Coltrane hatte ihn in seinem eigenen Quintett entdeckt, dessen Plattendebüt vom September 1964 („Pharaoh Sanders Quintet“) mit einem Vokalverdreher falsch betitelt ist.
Den Namen „Pharoah“ nahm er auf Anraten von Sun Ra an; eine seiner ersten Stationen in New York City, wo er 1962 noch unter seinem Geburtsnamen Ferell Sanders eingetroffen war.
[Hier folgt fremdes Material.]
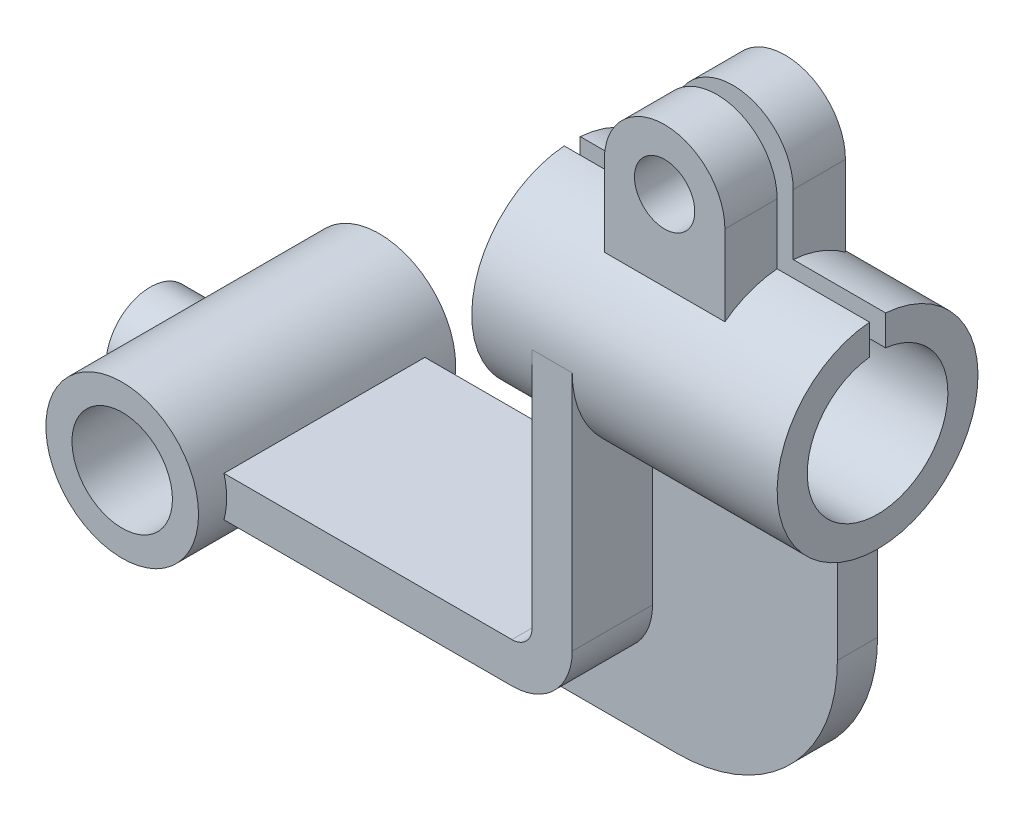
from build123d import *

# Parameters (mm, degrees)
SKETCH_2_R                      = 25
SKETCH_2_R_2                    = 17.5
EXTRUDE_1_DEPTH                 = 38
SKETCH_3_R                      = 7.5
EXTRUDE_2_DEPTH                 = 15
CUT_EXTRUDE_START               = 70
SKETCH_4_W                      = 76
SKETCH_4_H                      = 4
CUT_EXTRUDE_1_DEPTH             = 64.018795664
EXTRUDE_3_DEPTH                 = 25
EXTRUDE_4_DEPTH                 = 5
SKETCH_5_6_R                    = 19
SKETCH_5_6_R_2                  = 12.5
EXTRUDE_5_DEPTH                 = 32
EXTRUDE_6_REACH                 = 224.284
EXTRUDE_6_END_RADIUS            = 19
SKETCH_7_R                      = 11
SKETCH_7_R_2                    = 7.5
CUT_EXTRUDE_2_REACH             = 224.284
SKETCH_7_2_R                    = 7.5
CUT_EXTRUDE_3_REACH             = 194.608
SKETCH_8_R                      = 17.5
CUT_EXTRUDE_3_DIRECTION_2_DEPTH = 193.608411122


with BuildPart() as part:
    # 草图2 → 凸台-拉伸1 (new, symmetric)
    with BuildSketch(Plane(origin=(0, 0, 0), x_dir=(0, 0, -1), z_dir=(1, 0, 0))):
        with Locations((0, 70)):
            Circle(SKETCH_2_R)
        with Locations((0, 70)):
            Circle(SKETCH_2_R_2, mode=Mode.SUBTRACT)
    extrude(amount=EXTRUDE_1_DEPTH, both=True)

    # 草图3 → 凸台-拉伸2 (add, symmetric)
    with BuildSketch(Plane.XY):
        with BuildLine():
            Line((-15, 110), (-15, 87.5))
            Line((-15, 87.5), (15, 87.5))
            Line((15, 87.5), (15, 110))
            ThreePointArc((15, 110), (0, 125), (-15, 110))
        make_face()
        with Locations((0, 110)):
            Circle(SKETCH_3_R, mode=Mode.SUBTRACT)
    extrude(amount=EXTRUDE_2_DEPTH, both=True)

    # 草图4 → 切除-拉伸1 (cut, through all)
    with BuildSketch(Plane(origin=(0, 0, 0), x_dir=(1, 0, 0), z_dir=(0, 1, 0)).offset(CUT_EXTRUDE_START)):
        Rectangle(SKETCH_4_W, SKETCH_4_H)
    extrude(amount=CUT_EXTRUDE_1_DEPTH, mode=Mode.SUBTRACT)

    # 草图5 → 凸台-拉伸3 (add, symmetric)
    with BuildSketch(Plane.XY):
        with BuildLine():
            Line((-28, 5), (-99.66969722, 5))
            ThreePointArc((-99.66969722, 5), (-99.168168533, 2.522325037), (-99, 0))
            ThreePointArc((-99, 0), (-99.168168533, -2.522325037), (-99.66969722, -5))
            Line((-99.66969722, -5), (-28, -5))
            ThreePointArc((-28, -5), (-17.393398282, -0.606601718), (-13, 10))
            Line((-13, 10), (-13, 70))
            Line((-13, 70), (-23, 70))
            Line((-23, 70), (-23, 10))
            ThreePointArc((-23, 10), (-24.464466094, 6.464466094), (-28, 5))
        make_face()
    extrude(amount=EXTRUDE_3_DEPTH, both=True)

    # 草图5<5> → 凸台-拉伸4 (add, symmetric)
    with BuildSketch(Plane.XY):
        with BuildLine():
            ThreePointArc((-99.66969722, -5), (-106.467437405, -15.099668871), (-118, -19))
            Line((-118, -19), (-7, -19))
            ThreePointArc((-7, -19), (21.284271247, -7.284271247), (33, 21))
            Line((33, 21), (33, 70))
            Line((33, 70), (-13, 70))
            Line((-13, 70), (-13, 10))
            ThreePointArc((-13, 10), (-17.393398282, -0.606601718), (-28, -5))
            Line((-28, -5), (-99.66969722, -5))
        make_face()
    extrude(amount=EXTRUDE_4_DEPTH, both=True)

    # 草图5<6> → 凸台-拉伸5 (add, symmetric)
    with BuildSketch(Plane.XY):
        with Locations((-118, 0)):
            Circle(SKETCH_5_6_R)
        with Locations((-118, 0)):
            Circle(SKETCH_5_6_R_2, mode=Mode.SUBTRACT)
    extrude(amount=EXTRUDE_5_DEPTH, both=True)

    # 凸台-拉伸6: up to this cylinder (the profile starts outside it)
    extrude_6_end = Plane(origin=(-118, 0, -10.688873), z_dir=(0, 0, -1)) * Cylinder(EXTRUDE_6_END_RADIUS, 487.568, mode=Mode.PRIVATE)
    # 草图7 → 凸台-拉伸6 (add, up to the surface)
    with BuildSketch(Plane.ZY.offset(143), mode=Mode.PRIVATE) as extrude_6_sk1:
        Circle(SKETCH_7_R)
        Circle(SKETCH_7_R_2, mode=Mode.SUBTRACT)
    extrude_6_tool1 = extrude(extrude_6_sk1.sketch, amount=-EXTRUDE_6_REACH, mode=Mode.PRIVATE) - extrude_6_end
    add(extrude_6_tool1.solids().sort_by_distance((-143, 0, -10.688873))[0])

    # 草图7<2> → 切除-拉伸2 (cut, up to next)
    with BuildSketch(Plane.ZY.offset(143), mode=Mode.PRIVATE) as cut_extrude_2_sk1:
        Circle(SKETCH_7_2_R)
    cut_extrude_2_tool1 = extrude(cut_extrude_2_sk1.sketch, amount=-CUT_EXTRUDE_2_REACH, mode=Mode.PRIVATE) & part.part
    add(cut_extrude_2_tool1.solids().sort_by_distance((-143, 0, 0))[0], mode=Mode.SUBTRACT)

    # 草图8 → 切除-拉伸3 (cut, up to next)
    with BuildSketch(Plane(origin=(0, 0, 0), x_dir=(0, 0, -1), z_dir=(1, 0, 0)), mode=Mode.PRIVATE) as cut_extrude_3_sk1:
        with Locations((0, 70)):
            Circle(SKETCH_8_R)
    cut_extrude_3_tool1 = extrude(cut_extrude_3_sk1.sketch, amount=-CUT_EXTRUDE_3_REACH, mode=Mode.PRIVATE) & part.part
    add(cut_extrude_3_tool1.solids().sort_by_distance((0, 70, 0))[0], mode=Mode.SUBTRACT)

    # 草图8 → 切除-拉伸3 direction 2 (cut)
    with BuildSketch(Plane(origin=(0, 0, 0), x_dir=(0, 0, -1), z_dir=(1, 0, 0))):
        with Locations((0, 70)):
            Circle(SKETCH_8_R)
    extrude(amount=CUT_EXTRUDE_3_DIRECTION_2_DEPTH, mode=Mode.SUBTRACT)


solid = part.part

Das, was sich mit spirituellen Titeln („Black Unity“, „Elevation“, „Journey to the One“), erweitert auch um afrikanische und indische Einflüsse ausdehnte, bis hin zu einem Ausflug in den Schmusejazz („Love will find a way“, 1978), gab schon damals und erst recht heute wieder Anlaß zu kosmischen Deutungen seiner Musik, die nicht selten eben auch komisch sind.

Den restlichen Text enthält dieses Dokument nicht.